▶ [ASSIGNMENT] The output must match the lines from the first line of the listing below through the line holding "u : Product" exactly and must contain no pictures.

▶ [EXERCISE MATERIALS]

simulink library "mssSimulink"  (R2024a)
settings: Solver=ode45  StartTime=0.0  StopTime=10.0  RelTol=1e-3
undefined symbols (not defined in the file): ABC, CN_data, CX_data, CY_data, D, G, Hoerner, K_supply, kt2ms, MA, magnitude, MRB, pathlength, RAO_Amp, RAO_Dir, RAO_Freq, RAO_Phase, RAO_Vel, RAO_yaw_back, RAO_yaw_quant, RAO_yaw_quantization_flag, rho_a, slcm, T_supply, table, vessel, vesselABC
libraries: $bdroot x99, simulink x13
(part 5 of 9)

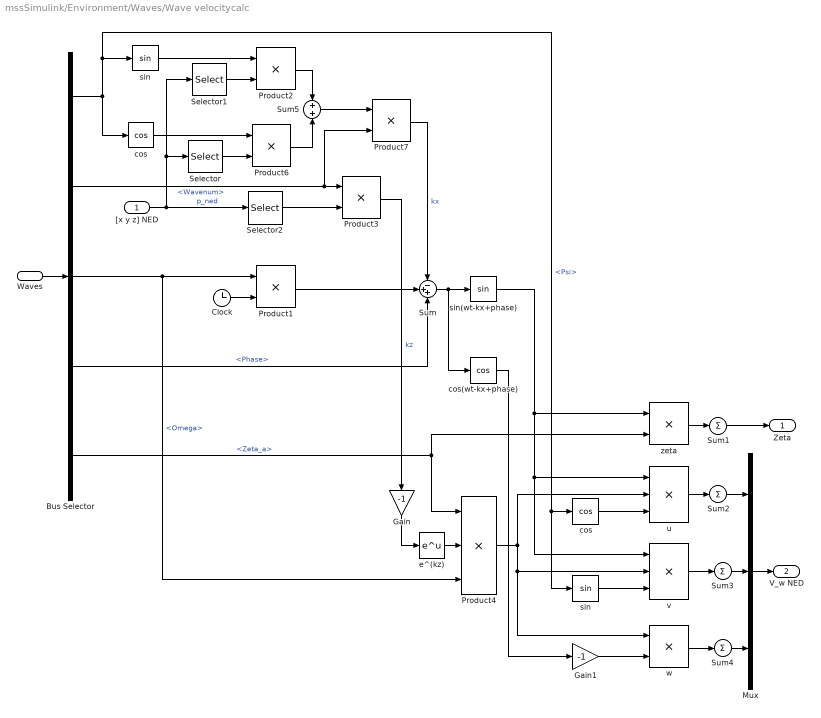
== system mssSimulink/Environment/Waves/Wave velocitycalc ==
  "[x y z] NED" : Inport
  Waves : Inport  Port=2
  Bus Selector : BusSelector  OutputSignals=Psi,Wavenum,Omega,Phase,Zeta_a
  Clock : Clock
  Gain : Gain  Gain=-1  SaturateOnIntegerOverflow=on  OutDataTypeStr=Inherit: Same as input  ParamDataTypeStr=Inherit: Same as input
  Gain1 : Gain  Gain=-1  SaturateOnIntegerOverflow=on  OutDataTypeStr=Inherit: Same as input  ParamDataTypeStr=Inherit: Same as input
  Mux : Mux  Inputs=3
  Product{1..3,6..7} (5 alike) : Product  Inputs=**  SaturateOnIntegerOverflow=on  OutDataTypeStr=Inherit: Same as first input
  Product4 : Product  Inputs=3  SaturateOnIntegerOverflow=on  OutDataTypeStr=Inherit: Same as first input
  Selector : Selector  InputPortWidth=3  IndexOptions=Index vector (dialog)  Indices=1  OutputSizes=1
  Selector1 : Selector  InputPortWidth=3  IndexOptions=Index vector (dialog)  Indices=2  OutputSizes=1
  Selector2 : Selector  InputPortWidth=3  IndexOptions=Index vector (dialog)  Indices=3  OutputSizes=1
  Sum : Sum  Inputs=-++  SaturateOnIntegerOverflow=on
  Sum{1..4} (4 alike) : Sum  Inputs=1  SaturateOnIntegerOverflow=on
  Sum5 : Sum  SaturateOnIntegerOverflow=on
  cos : Trigonometry  Operator=cos
  "cos " : Trigonometry  Operator=cos
  cos(wt-kx+phase) : Trigonometry  Operator=cos
  e^(kz) : Math  SignedPower=on
  sin : Trigonometry
  "sin " : Trigonometry
  sin(wt-kx+phase) : Trigonometry
  u : Product  Inputs=***  SaturateOnIntegerOverflow=on  OutDataTypeStr=Inherit: Same as first input
  v : Product  Inputs=***  SaturateOnIntegerOverflow=on  OutDataTypeStr=Inherit: Same as first input
  w : Product  Inputs=**  SaturateOnIntegerOverflow=on  OutDataTypeStr=Inherit: Same as first input
  zeta : Product  Inputs=**  SaturateOnIntegerOverflow=on  OutDataTypeStr=Inherit: Same as first input
  Zeta : Outport  VectorParamsAs1DForOutWhenUnconnected=off
  V_w NED : Outport  Port=2  VectorParamsAs1DForOutWhenUnconnected=off
  wires:
  Gain1/1 -> w/2
  "cos "/1 -> u/3
  "sin "/1 -> v/3
  Selector2/1 -> Product3/2
  "[x y z] NED"/1 -> Selector/1, Selector1/1, Selector2/1  "p_ned"
  Sum5/1 -> Product7/1
  Product6/1 -> Sum5/2
  Product2/1 -> Sum5/1
  sin/1 -> Product2/1
  Selector1/1 -> Product2/2
  cos/1 -> Product6/1
  Selector/1 -> Product6/2
  Bus Selector/2 -> Product3/1, Product7/2  "<Wavenum>"
  Gain/1 -> e^(kz)/1
  Bus Selector/5 -> Product4/1, zeta/2  "<Zeta_a>"
  Bus Selector/4 -> Sum/3  "<Phase>"
  Bus Selector/3 -> Product4/3, Product1/1  "<Omega>"
  Waves/1 -> Bus Selector/1
  cos(wt-kx+phase)/1 -> Gain1/1
  Product4/1 -> w/1, v/2, u/2
  e^(kz)/1 -> Product4/2
  Product7/1 -> Sum/1  "kx"
  zeta/1 -> Sum1/1
  sin(wt-kx+phase)/1 -> v/1, u/1, zeta/1
  Sum/1 -> cos(wt-kx+phase)/1, sin(wt-kx+phase)/1
  Product1/1 -> Sum/2
  Bus Selector/1 -> sin/1, "cos "/1, "sin "/1, cos/1  "<Psi>"
  Product3/1 -> Gain/1  "kz"
  Sum1/1 -> Zeta/1
  w/1 -> Sum4/1
  u/1 -> Sum2/1
  v/1 -> Sum3/1
  Sum2/1 -> Mux/1
  Sum3/1 -> Mux/2
  Sum4/1 -> Mux/3
  Mux/1 -> V_w NED/1
  Clock/1 -> Product1/2

== system mssSimulink/Environment/Waves/Waves ==
  Bus Creator : BusCreator  Inputs=5
  Omega : Constant  Value=Omega
  Phase : Constant  Value=Phase
  Psi : Constant  Value=Psi
  Wavenum : Constant  Value=Wavenum
  Zeta_a : Constant  Value=Zeta_a
  "wave direction " : Constant  Value=psi_mean
  Waves : Outport  VectorParamsAs1DForOutWhenUnconnected=off
  wave direction : Outport  Port=2  VectorParamsAs1DForOutWhenUnconnected=off
  wires:
  Phase/1 -> Bus Creator/5  "Phase"
  Psi/1 -> Bus Creator/2  "Psi"
  Omega/1 -> Bus Creator/1  "Omega"
  Bus Creator/1 -> Waves/1
  Zeta_a/1 -> Bus Creator/3  "Zeta_a"
  Wavenum/1 -> Bus Creator/4  "Wavenum"
  "wave direction "/1 -> wave direction/1

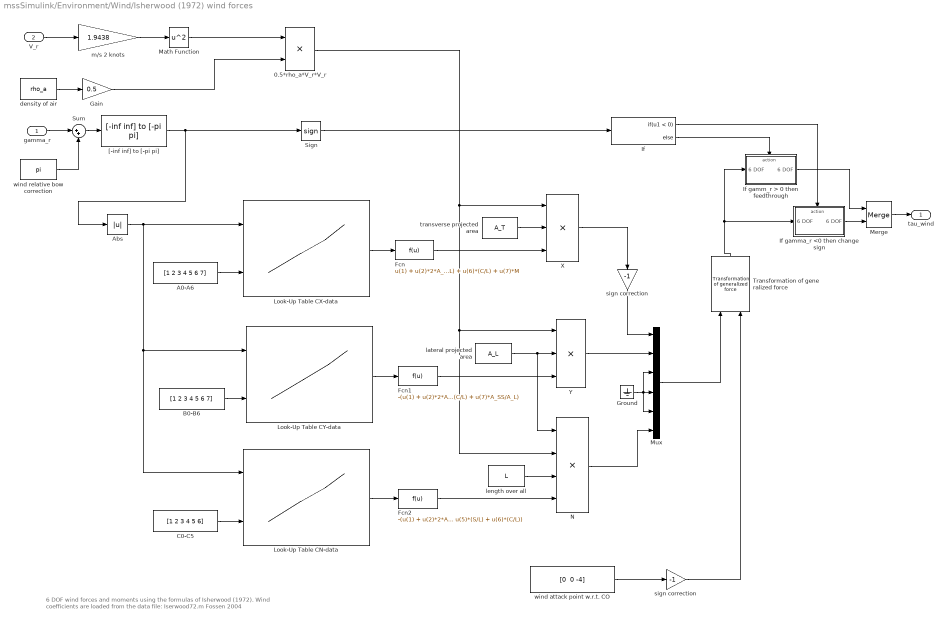
== system mssSimulink/Environment/Wind/Isherwood (1972) wind forces ==
  note: 6 DOF wind forces and moments using the formulas of Isherwood (1972).
      | Wind coefficients are loaded from the data file: Iserwood72.m
      |
      | Fossen 2004
  gamma_r : Inport
  V_r : Inport  Port=2
  0.5*rho_a*V_r*V_r : Product  SaturateOnIntegerOverflow=on  OutDataTypeStr=Inherit: Same as first input
  A0-A6 : Constant  Value=[1 2 3 4 5 6 7]
  Abs : Abs
  B0-B6 : Constant  Value=[1 2 3 4 5 6 7]
  C0-C5 : Constant  Value=[1 2 3 4 5 6]
  Fcn : Fcn  Expr=u(1) + u(2)*2*A_L/L^2 + u(3)*2*A_T/B^2 + u(4)*(L/B) + u(5)*(S/L) + u(6)*(C/L) + u(7)*M
  Fcn1 : Fcn  Expr=-(u(1) + u(2)*2*A_L/L^2 + u(3)*2*A_T/B^2 + u(4)*(L/B) + u(5)*(S/L) + u(6)*(C/L) + u(7)*A_SS/A_L)
  Fcn2 : Fcn  Expr=-(u(1) + u(2)*2*A_L/L^2 + u(3)*2*A_T/B^2 + u(4)*(L/B) + u(5)*(S/L) + u(6)*(C/L))
  Gain : Gain  Gain=0.5  SaturateOnIntegerOverflow=on  OutDataTypeStr=Inherit: Same as input  ParamDataTypeStr=Inherit: Same as input
  Ground : Ground
  If : If  IfExpression=u1 < 0
  If gamm_r > 0 then feedthrough : Subsystem  TreatAsAtomicUnit=on
  If gamma_r <0 then change sign : Subsystem  TreatAsAtomicUnit=on
  Look-Up Table CN-data : Lookup2D  RowIndex=gamma_r_iserwood  ColumnIndex=[1:6]  Table=CN_data  OutDataTypeStr=double  InputSameDT=off
  Look-Up Table CX-data : Lookup2D  RowIndex=gamma_r_iserwood  ColumnIndex=[1:7]  Table=CX_data  OutDataTypeStr=double  InputSameDT=off
  Look-Up Table CY-data : Lookup2D  RowIndex=gamma_r_iserwood  ColumnIndex=[1:7]  Table=CY_data  OutDataTypeStr=double  InputSameDT=off
  Math Function : Math  Operator=square  SignedPower=on
  Merge : Merge
  Mux : Mux  Inputs=6
  N : Product  Inputs=4  SaturateOnIntegerOverflow=on  OutDataTypeStr=Inherit: Same as first input
  Sign : Signum
  Sum : Sum  Inputs=|++  SaturateOnIntegerOverflow=on
  Transformation of gene ralized force : $bdroot/Modelling/Kinematics/Transformation of generalized force
  X : Product  Inputs=3  SaturateOnIntegerOverflow=on  OutDataTypeStr=Inherit: Same as first input
  Y : Product  Inputs=3  SaturateOnIntegerOverflow=on  OutDataTypeStr=Inherit: Same as first input
  "[-inf inf] to [-pi pi]" : $bdroot/Utilities/Math Operations/[-inf inf] to [-pi pi]
  density of air : Constant  Value=rho_a
  lateral projected area : Constant  Value=A_L
  length over all : Constant  Value=L
  m/s 2 knots : Gain  Gain=1.9438  SaturateOnIntegerOverflow=on  OutDataTypeStr=Inherit: Same as input  ParamDataTypeStr=Inherit: Same as input
  sign correction : Gain  Gain=-1  SaturateOnIntegerOverflow=on  OutDataTypeStr=Inherit: Same as input  ParamDataTypeStr=Inherit: Same as input
  "sign correction " : Gain  Gain=-1  SaturateOnIntegerOverflow=on  OutDataTypeStr=Inherit: Same as input  ParamDataTypeStr=Inherit: Same as input
  transverse projected area : Constant  Value=A_T
  wind attack point w.r.t. CO : Constant  Value="[0  0 -4]"
  wind relative bow correction : Constant  Value=pi
  tau_wind : Outport  VectorParamsAs1DForOutWhenUnconnected=off
  wires:
  A0-A6/1 -> Look-Up Table CX-data/2
  Look-Up Table CX-data/1 -> Fcn/1
  B0-B6/1 -> Look-Up Table CY-data/2
  C0-C5/1 -> Look-Up Table CN-data/2
  Look-Up Table CY-data/1 -> Fcn1/1
  Look-Up Table CN-data/1 -> Fcn2/1
  gamma_r/1 -> Sum/1
  Fcn/1 -> X/3
  Fcn1/1 -> Y/3
  Fcn2/1 -> N/4
  density of air/1 -> Gain/1
  V_r/1 -> m/s 2 knots/1
  Math Function/1 -> 0.5*rho_a*V_r*V_r/1
  Gain/1 -> 0.5*rho_a*V_r*V_r/2
  0.5*rho_a*V_r*V_r/1 -> X/1, Y/1, N/2
  transverse projected area/1 -> X/2
  X/1 -> sign correction/1
  lateral projected area/1 -> Y/2, N/1
  Y/1 -> Mux/2
  N/1 -> Mux/6
  length over all/1 -> N/3
  m/s 2 knots/1 -> Math Function/1
  Abs/1 -> Look-Up Table CX-data/1, Look-Up Table CY-data/1, Look-Up Table CN-data/1
  Transformation of gene ralized force/1 -> If gamma_r <0 then change sign/1(6 DOF), If gamm_r > 0 then feedthrough/1(6 DOF)
  If/2 -> If gamm_r > 0 then feedthrough/Action
  If/1 -> If gamma_r <0 then change sign/Action
  If gamma_r <0 then change sign/1("6 DOF  ") -> Merge/2
  If gamm_r > 0 then feedthrough/1("6 DOF  ") -> Merge/1
  Sign/1 -> If/1
  wind attack point w.r.t. CO/1 -> "sign correction "/1
  "sign correction "/1 -> Transformation of gene ralized force/2
  Merge/1 -> tau_wind/1
  Mux/1 -> Transformation of gene ralized force/1
  Ground/1 -> Mux/3, Mux/4, Mux/5
  wind relative bow correction/1 -> Sum/2
  Sum/1 -> "[-inf inf] to [-pi pi]"/1
  "[-inf inf] to [-pi pi]"/1 -> Abs/1, Sign/1
  sign correction/1 -> Mux/1

== system mssSimulink/Environment/Wind/Relative wind speed and angle of attack ==
  note: v
  beta_Vw : Inport
  V_w : Inport  Port=2
  psi : Inport  Port=3
  u : Inport  Port=4
  v : Inport  Port=5
  Magnitude Squared : Math  Operator=magnitude^2
  Magnitude Squared1 : Math  Operator=magnitude^2
  Product : Product
  Product1 : Product
  Sqrt : Sqrt
  Sum : Sum  Inputs=|+-
  Sum1 : Sum  Inputs=|-+
  Sum2 : Sum  Inputs=|-+
  Sum3 : Sum  Inputs=|++
  Trigonometric Function : Trigonometry
  Trigonometric Function1 : Trigonometry  Operator=cos
  Trigonometric Function2 : Trigonometry  Operator=atan2
  gamma_r : Outport
  V_r : Outport  Port=2
  wires:
  V_w/1 -> Product1/1, Product/1
  beta_Vw/1 -> Sum/1
  psi/1 -> Sum/2
  Sum/1 -> Trigonometric Function/1, Trigonometric Function1/1
  Trigonometric Function1/1 -> Product/2
  Trigonometric Function/1 -> Product1/2
  Product/1 -> Sum2/1  "u_w"
  Product1/1 -> Sum1/1  "v_w"
  v/1 -> Sum1/2
  Sum1/1 -> Trigonometric Function2/1, Magnitude Squared1/1  "v_r"
  u/1 -> Sum2/2  "u"
  Sum2/1 -> Trigonometric Function2/2, Magnitude Squared/1
  Magnitude Squared/1 -> Sum3/1
  Magnitude Squared1/1 -> Sum3/2
  Sum3/1 -> Sqrt/1
  Sqrt/1 -> V_r/1
  Trigonometric Function2/1 -> gamma_r/1

== system mssSimulink/Environment/Wind/Wind ==
  Gust : Constant  Value=Par_Wind_gust
  Mean angle : Constant  Value=Par_Wind_angle
  Mean velocity : Constant  Value=Par_Wind_V
  Slowly-varying wind : Subsystem  mask(Slowly-varying wind){Par_Wind_sample_time=Par_Wind_sample_time, Par_Wind_speed_T=Par_Wind_speed_T, Par_Wind_angle_T=Par_Wind_angle_T, Par_Wind_speed_noise_pow=Par_Wind_speed_noise_pow, Par_Wind_angle_noise_pow=Par_Wind_angle_noise_pow, Par_Wind_speed_rand_max=Par_Wind_speed_rand_max, Par_Wind_angle_rand_max=Par_Wind_angle_rand_max, Par_Wind_speed_seed=Par_Wind_speed_seed, Par_Wind_angle_seed=Par_Wind_angle_seed}
      mask prompts: Par_Wind_sample_time "Wind sample time [s]"; Par_Wind_speed_T "Wind speed time constant [s]"; Par_Wind_angle_T "Wind angle time constant [s]"; Par_Wind_speed_noise_pow "Wind speed noise power"; Par_Wind_angle_noise_pow "Wind angle noise power"; Par_Wind_speed_rand_max "Wind speed saturation [m/s] (max random variation about mean)"; Par_Wind_angle_rand_max "Wind angle saturation [rad] (max random variation about mean)"; Par_Wind_speed_seed "Wind speed random seed"; Par_Wind_angle_seed "Wind angle random seed"
      mask help:
      | Generate slowly varying wind speed and direction based on random processes.
      |
      | stochastic = 0  gives constant mean wind speed and direction
      | stochastic = 1  gives stochastic mean wind speed and direction
      mask Help:
      | Generate slowly varying wind speed and direction based on random processes.<br>
      | <br>
      | stochastic = 0 gives constant mean wind direction and speed,<br>
      | stochastic = 1 gives stochastic mean wind direction and speed<br>
      | <br>
      | <p>The randomness of the mean speed and angle can be limited by two saturation
      | parameters, which define the maximum random deviation from the mean value.<br>
  Slowlyvar : Constant  Value=Par_Wind_slowlyvar
  Sum : Sum  Inputs=++|  SaturateOnIntegerOverflow=on
  Sum1 : Sum  Inputs=+++  SaturateOnIntegerOverflow=on
  Wind gust : Subsystem  mask(Wind gust){Par_Wind_spectrum_type=Par_Wind_spectrum_type, Par_Wind_phase_seed=Par_Wind_phase_seed, Par_Wind_kappa_H=Par_Wind_kappa_H, Par_Wind_L=Par_Wind_L, Par_Wind_z=Par_Wind_z, Par_Wind_minfreq=Par_Wind_minfreq, Par_Wind_maxfreq=Par_Wind_maxfreq, Par_Wind_nfreq=Par_Wind_nfreq}
      mask prompts: Par_Wind_spectrum_type "Spectrum type"; Par_Wind_phase_seed "Wind gust phase seed"; Par_Wind_kappa_H "Sea surface drag coefficient for Harris wind spectrum (0.0026)"; Par_Wind_L "Scaling length for Harris wind spectrum (1800)"; Par_Wind_z "Height over water surface, for NORSOK spectrum"; Par_Wind_minfreq "Minimum frequency in gust [Hz] (1E-4)"; Par_Wind_maxfreq "Maximum frequency in gust [Hz] (0.1)"; Par_Wind_nfreq "Number of frequency components"
      mask help:
      | Calculate the wind gust according to one of two gust spectra:
      |
      | 1) Harris (based on measurements over land)
      | 2) NORSOK (based on measurements from the North Sea)
      |
      | The gust from the Harris spectrum is not influenced by the heigth over the sea surface, whereas the gust from the NORSOK spectrum is.
  angle : Outport  VectorParamsAs1DForOutWhenUnconnected=off
  speed : Outport  Port=2  VectorParamsAs1DForOutWhenUnconnected=off
  wires:
  Gust/1 -> Wind gust/Enable
  Slowlyvar/1 -> Slowly-varying wind/Enable
  Slowly-varying wind/1(angle) -> Sum/2
  Mean velocity/1 -> Wind gust/1(u10), Sum1/3
  Mean angle/1 -> Sum/1
  Sum/1 -> angle/1
  Wind gust/1(Gust) -> Sum1/2
  Slowly-varying wind/2(speed) -> Sum1/1
  Sum1/1 -> speed/1

== system mssSimulink/Guidance/Waypoint guidance block/Stop vessel ==
  theta : Inport
  If endpoint1 : If  IfExpression=u1 > size(table,2)
  Merge : Merge
  Model Info : simulink/Model-Wide Utilities/Model Info  Frame=on  DisplayStringWithTags=|  HorizontalTextAlignment=Center  LeftAlignmentValue=0.5
      | Stop vessel
      | This subsystem performs an action when
      | the vessel reaches the last waypoint. The 
      | simultation is either stopped, or the desired 
      | speed is set to zero.
      | Author: Jorgen Corneliussen
      | Modified: %<ModifiedDate>
      | Version: %<ModelVersion>
  Reached endpoint : Subsystem  TreatAsAtomicUnit=on
  Still travelling : Subsystem  TreatAsAtomicUnit=on
  stopsignal : Outport  VectorParamsAs1DForOutWhenUnconnected=off
  wires:
  Still travelling/1(one) -> Merge/2
  theta/1 -> If endpoint1/1
  If endpoint1/1 -> Reached endpoint/Action
  Reached endpoint/1(zero) -> Merge/1
  Merge/1 -> stopsignal/1
  If endpoint1/2 -> Still travelling/Action

== system mssSimulink/Guidance/Waypoint guidance block/Thetacomputation ==
  theta : Inport
  5th order algorithm : Subsystem  TreatAsAtomicUnit=on
  Constant1 : Constant  Value=method
  Cubic splines : Subsystem  TreatAsAtomicUnit=on
  If endpoint1 : If  IfExpression=u1 == 1
  Model Info : simulink/Model-Wide Utilities/Model Info  Frame=on  DisplayStringWithTags=|  HorizontalTextAlignment=Center  LeftAlignmentValue=0.5
      | Thetacomputation
      | This subsystem returns a vector containing 
      | different orders of theta.
      | If cubic splines is used, the system returns:
      | [th^3 th^2 th 1]
      | If the 5th order polynomial is used, it returns:
      | [th^5 th^4 th^3 th^2 th 1]
      | Author: Jorgen Corneliussen
      | Modified: %<ModifiedDate>
      | Version: %<ModelVersion>
  Multiport Switch : MultiPortSwitch  Inputs=2  InputSameDT=off
  Selector : Selector  InputPortWidth=6  IndexOptions=Index vector (dialog)  Indices=[1:size(table,1)/8]  OutputSizes=1
  thetavector : Outport  VectorParamsAs1DForOutWhenUnconnected=off
  wires:
  If endpoint1/1 -> Cubic splines/Action  "cubic"
  If endpoint1/2 -> 5th order algorithm/Action
  Constant1/1 -> If endpoint1/1, Multiport Switch/1
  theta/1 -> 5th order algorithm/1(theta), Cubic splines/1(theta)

▶ [WORKED SOLUTION]
simulink library "mssSimulink"  (R2024a)
settings: Solver=ode45  StartTime=0.0  StopTime=10.0  RelTol=1e-3
undefined symbols (not defined in the file): ABC, CN_data, CX_data, CY_data, D, G, Hoerner, K_supply, kt2ms, MA, magnitude, MRB, pathlength, RAO_Amp, RAO_Dir, RAO_Freq, RAO_Phase, RAO_Vel, RAO_yaw_back, RAO_yaw_quant, RAO_yaw_quantization_flag, rho_a, slcm, T_supply, table, vessel, vesselABC
libraries: $bdroot x99, simulink x13
(part 5 of 9)

== system mssSimulink/Environment/Waves/Wave velocitycalc ==
  "[x y z] NED" : Inport
  Waves : Inport  Port=2
  Bus Selector : BusSelector  OutputSignals=Psi,Wavenum,Omega,Phase,Zeta_a
  Clock : Clock
  Gain : Gain  Gain=-1  SaturateOnIntegerOverflow=on  OutDataTypeStr=Inherit: Same as input  ParamDataTypeStr=Inherit: Same as input
  Gain1 : Gain  Gain=-1  SaturateOnIntegerOverflow=on  OutDataTypeStr=Inherit: Same as input  ParamDataTypeStr=Inherit: Same as input
  Mux : Mux  Inputs=3
  Product{1..3,6..7} (5 alike) : Product  Inputs=**  SaturateOnIntegerOverflow=on  OutDataTypeStr=Inherit: Same as first input
  Product4 : Product  Inputs=3  SaturateOnIntegerOverflow=on  OutDataTypeStr=Inherit: Same as first input
  Selector : Selector  InputPortWidth=3  IndexOptions=Index vector (dialog)  Indices=1  OutputSizes=1
  Selector1 : Selector  InputPortWidth=3  IndexOptions=Index vector (dialog)  Indices=2  OutputSizes=1
  Selector2 : Selector  InputPortWidth=3  IndexOptions=Index vector (dialog)  Indices=3  OutputSizes=1
  Sum : Sum  Inputs=-++  SaturateOnIntegerOverflow=on
  Sum{1..4} (4 alike) : Sum  Inputs=1  SaturateOnIntegerOverflow=on
  Sum5 : Sum  SaturateOnIntegerOverflow=on
  cos : Trigonometry  Operator=cos
  "cos " : Trigonometry  Operator=cos
  cos(wt-kx+phase) : Trigonometry  Operator=cos
  e^(kz) : Math  SignedPower=on
  sin : Trigonometry
  "sin " : Trigonometry
  sin(wt-kx+phase) : Trigonometry
  u : Product  Inputs=***  SaturateOnIntegerOverflow=on  OutDataTypeStr=Inherit: Same as first input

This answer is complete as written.